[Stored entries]
****************************************

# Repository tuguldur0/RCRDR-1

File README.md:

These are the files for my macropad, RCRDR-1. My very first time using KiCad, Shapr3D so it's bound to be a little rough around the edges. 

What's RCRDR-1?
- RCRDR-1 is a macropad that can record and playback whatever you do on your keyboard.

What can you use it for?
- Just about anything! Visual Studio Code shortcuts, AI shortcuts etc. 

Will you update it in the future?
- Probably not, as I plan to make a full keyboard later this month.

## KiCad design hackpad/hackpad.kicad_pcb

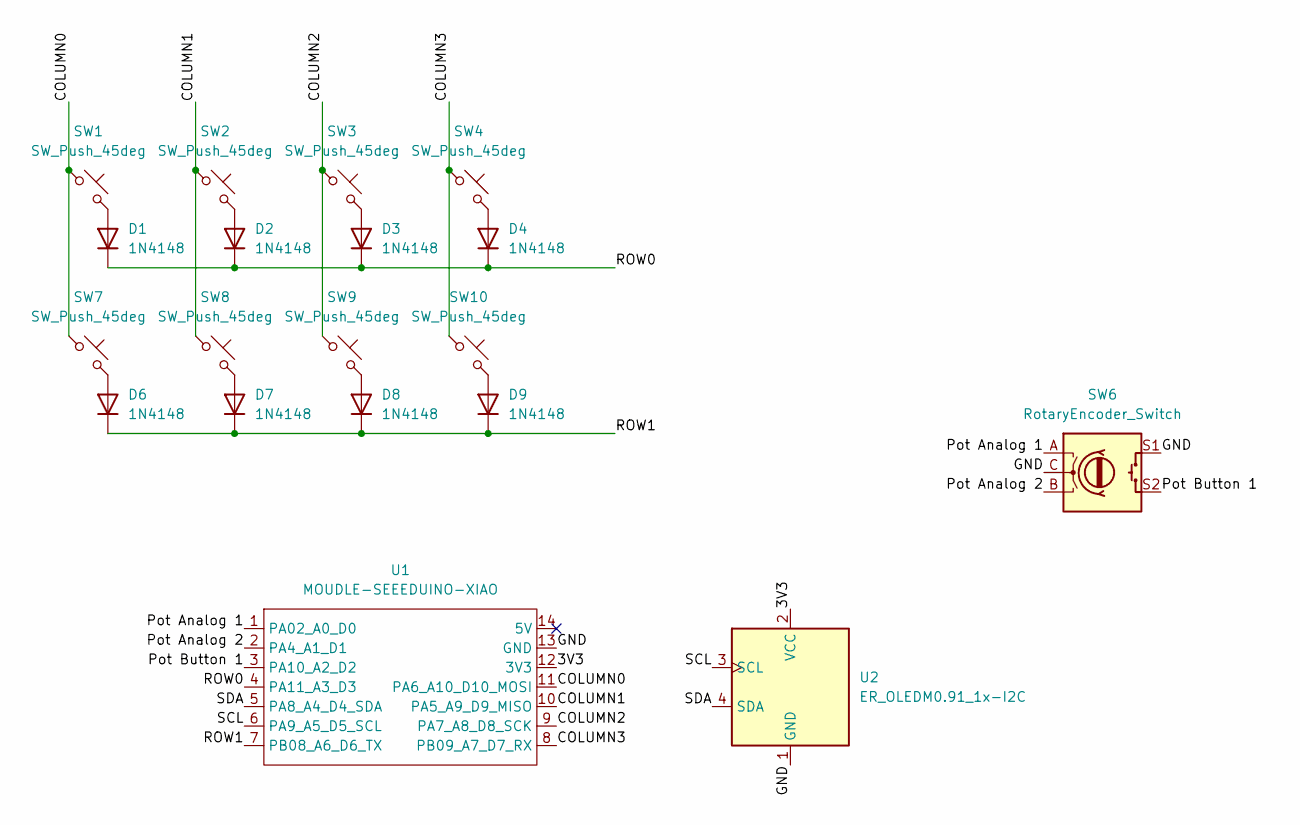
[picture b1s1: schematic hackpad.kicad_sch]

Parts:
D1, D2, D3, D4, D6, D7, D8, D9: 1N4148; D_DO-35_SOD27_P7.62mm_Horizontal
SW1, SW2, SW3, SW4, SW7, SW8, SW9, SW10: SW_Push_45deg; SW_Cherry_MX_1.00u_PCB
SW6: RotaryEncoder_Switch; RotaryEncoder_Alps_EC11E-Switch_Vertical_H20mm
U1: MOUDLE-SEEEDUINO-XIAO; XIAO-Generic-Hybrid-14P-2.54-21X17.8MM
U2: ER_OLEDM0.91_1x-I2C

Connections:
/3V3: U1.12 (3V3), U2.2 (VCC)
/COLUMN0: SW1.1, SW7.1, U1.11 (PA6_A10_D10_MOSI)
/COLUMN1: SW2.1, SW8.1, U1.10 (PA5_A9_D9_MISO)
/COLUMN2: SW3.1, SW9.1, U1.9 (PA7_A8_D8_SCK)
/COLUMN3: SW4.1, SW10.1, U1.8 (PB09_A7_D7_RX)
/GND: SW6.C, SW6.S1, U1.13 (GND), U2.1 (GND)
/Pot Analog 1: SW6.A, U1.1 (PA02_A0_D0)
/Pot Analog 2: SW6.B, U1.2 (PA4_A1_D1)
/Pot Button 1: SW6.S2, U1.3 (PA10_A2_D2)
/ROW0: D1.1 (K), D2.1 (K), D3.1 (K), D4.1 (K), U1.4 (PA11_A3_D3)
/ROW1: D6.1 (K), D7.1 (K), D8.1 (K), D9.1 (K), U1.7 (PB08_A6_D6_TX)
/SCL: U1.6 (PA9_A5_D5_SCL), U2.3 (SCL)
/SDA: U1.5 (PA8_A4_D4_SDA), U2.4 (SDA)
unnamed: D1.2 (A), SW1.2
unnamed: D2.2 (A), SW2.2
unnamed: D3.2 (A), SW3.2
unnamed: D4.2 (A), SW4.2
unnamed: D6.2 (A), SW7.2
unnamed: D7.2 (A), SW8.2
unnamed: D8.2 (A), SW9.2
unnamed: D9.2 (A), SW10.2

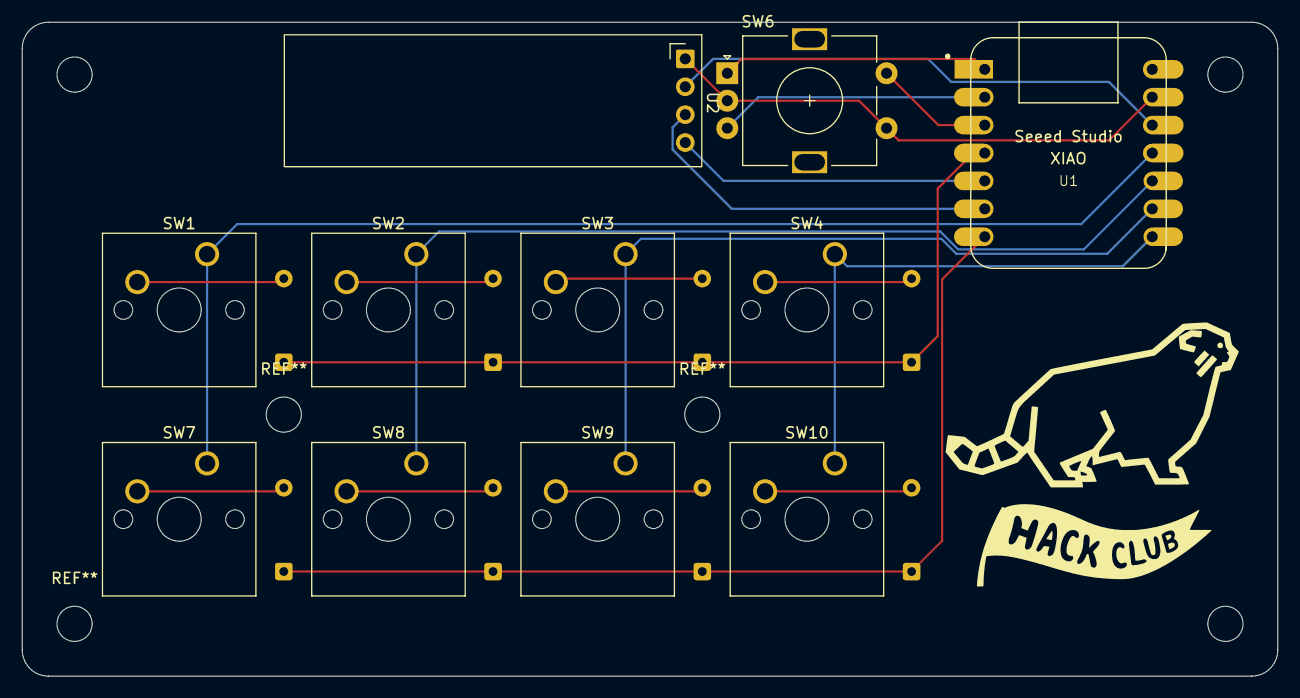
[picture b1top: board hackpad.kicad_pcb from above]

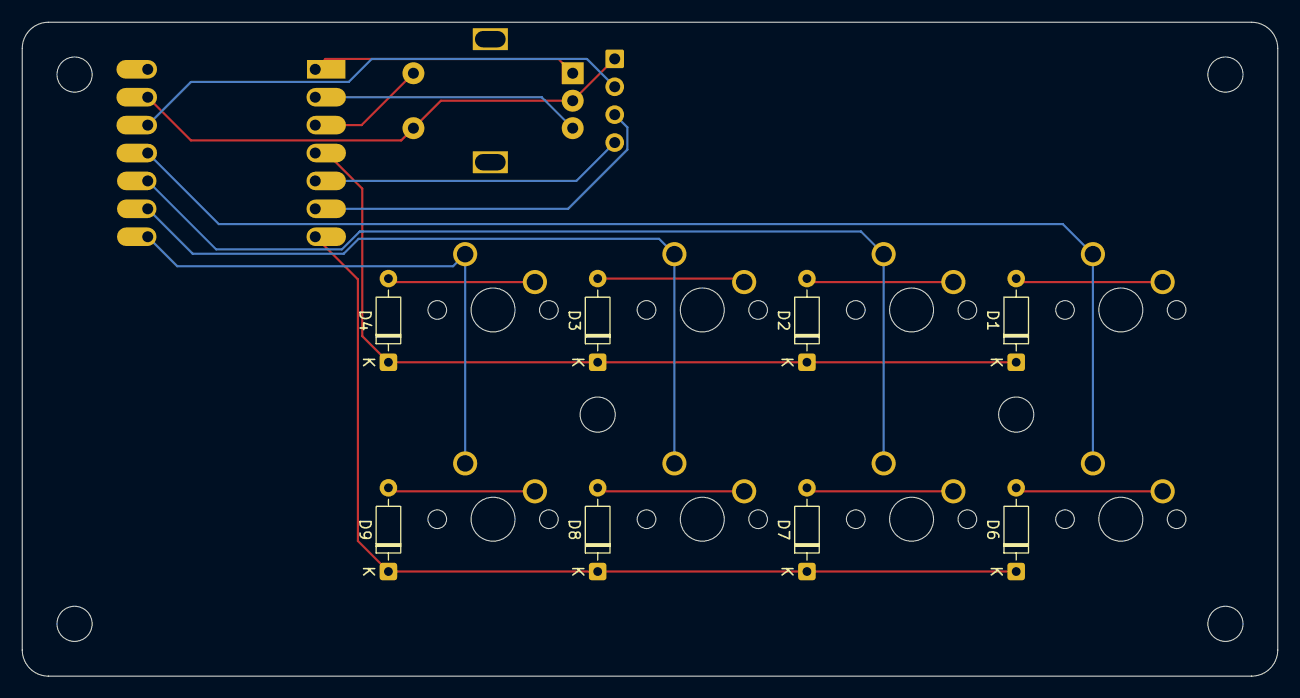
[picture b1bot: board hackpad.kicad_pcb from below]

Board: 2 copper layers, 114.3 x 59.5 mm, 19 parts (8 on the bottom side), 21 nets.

****************************************

Only the text of the records belongs in the answer; reproduce it verbatim, with no pictures.

# Repository tuguldur0/RCRDR-1

File README.md:

These are the files for my macropad, RCRDR-1. My very first time using KiCad, Shapr3D so it's bound to be a little rough around the edges. 

What's RCRDR-1?
- RCRDR-1 is a macropad that can record and playback whatever you do on your keyboard.

What can you use it for?
- Just about anything! Visual Studio Code shortcuts, AI shortcuts etc. 

Will you update it in the future?
- Probably not, as I plan to make a full keyboard later this month.

## KiCad design hackpad/hackpad.kicad_pcb

[picture b1s1: schematic hackpad.kicad_sch]

Parts:
D1, D2, D3, D4, D6, D7, D8, D9: 1N4148; D_DO-35_SOD27_P7.62mm_Horizontal
SW1, SW2, SW3, SW4, SW7, SW8, SW9, SW10: SW_Push_45deg; SW_Cherry_MX_1.00u_PCB
SW6: RotaryEncoder_Switch; RotaryEncoder_Alps_EC11E-Switch_Vertical_H20mm
U1: MOUDLE-SEEEDUINO-XIAO; XIAO-Generic-Hybrid-14P-2.54-21X17.8MM
U2: ER_OLEDM0.91_1x-I2C

Connections:
/3V3: U1.12 (3V3), U2.2 (VCC)
/COLUMN0: SW1.1, SW7.1, U1.11 (PA6_A10_D10_MOSI)
/COLUMN1: SW2.1, SW8.1, U1.10 (PA5_A9_D9_MISO)
/COLUMN2: SW3.1, SW9.1, U1.9 (PA7_A8_D8_SCK)
/COLUMN3: SW4.1, SW10.1, U1.8 (PB09_A7_D7_RX)
/GND: SW6.C, SW6.S1, U1.13 (GND), U2.1 (GND)
/Pot Analog 1: SW6.A, U1.1 (PA02_A0_D0)
/Pot Analog 2: SW6.B, U1.2 (PA4_A1_D1)
/Pot Button 1: SW6.S2, U1.3 (PA10_A2_D2)
/ROW0: D1.1 (K), D2.1 (K), D3.1 (K), D4.1 (K), U1.4 (PA11_A3_D3)
/ROW1: D6.1 (K), D7.1 (K), D8.1 (K), D9.1 (K), U1.7 (PB08_A6_D6_TX)
/SCL: U1.6 (PA9_A5_D5_SCL), U2.3 (SCL)
/SDA: U1.5 (PA8_A4_D4_SDA), U2.4 (SDA)
unnamed: D1.2 (A), SW1.2
unnamed: D2.2 (A), SW2.2
unnamed: D3.2 (A), SW3.2
unnamed: D4.2 (A), SW4.2
unnamed: D6.2 (A), SW7.2
unnamed: D7.2 (A), SW8.2
unnamed: D8.2 (A), SW9.2
unnamed: D9.2 (A), SW10.2

[picture b1top: board hackpad.kicad_pcb from above]

[picture b1bot: board hackpad.kicad_pcb from below]

Board: 2 copper layers, 114.3 x 59.5 mm, 19 parts (8 on the bottom side), 21 nets.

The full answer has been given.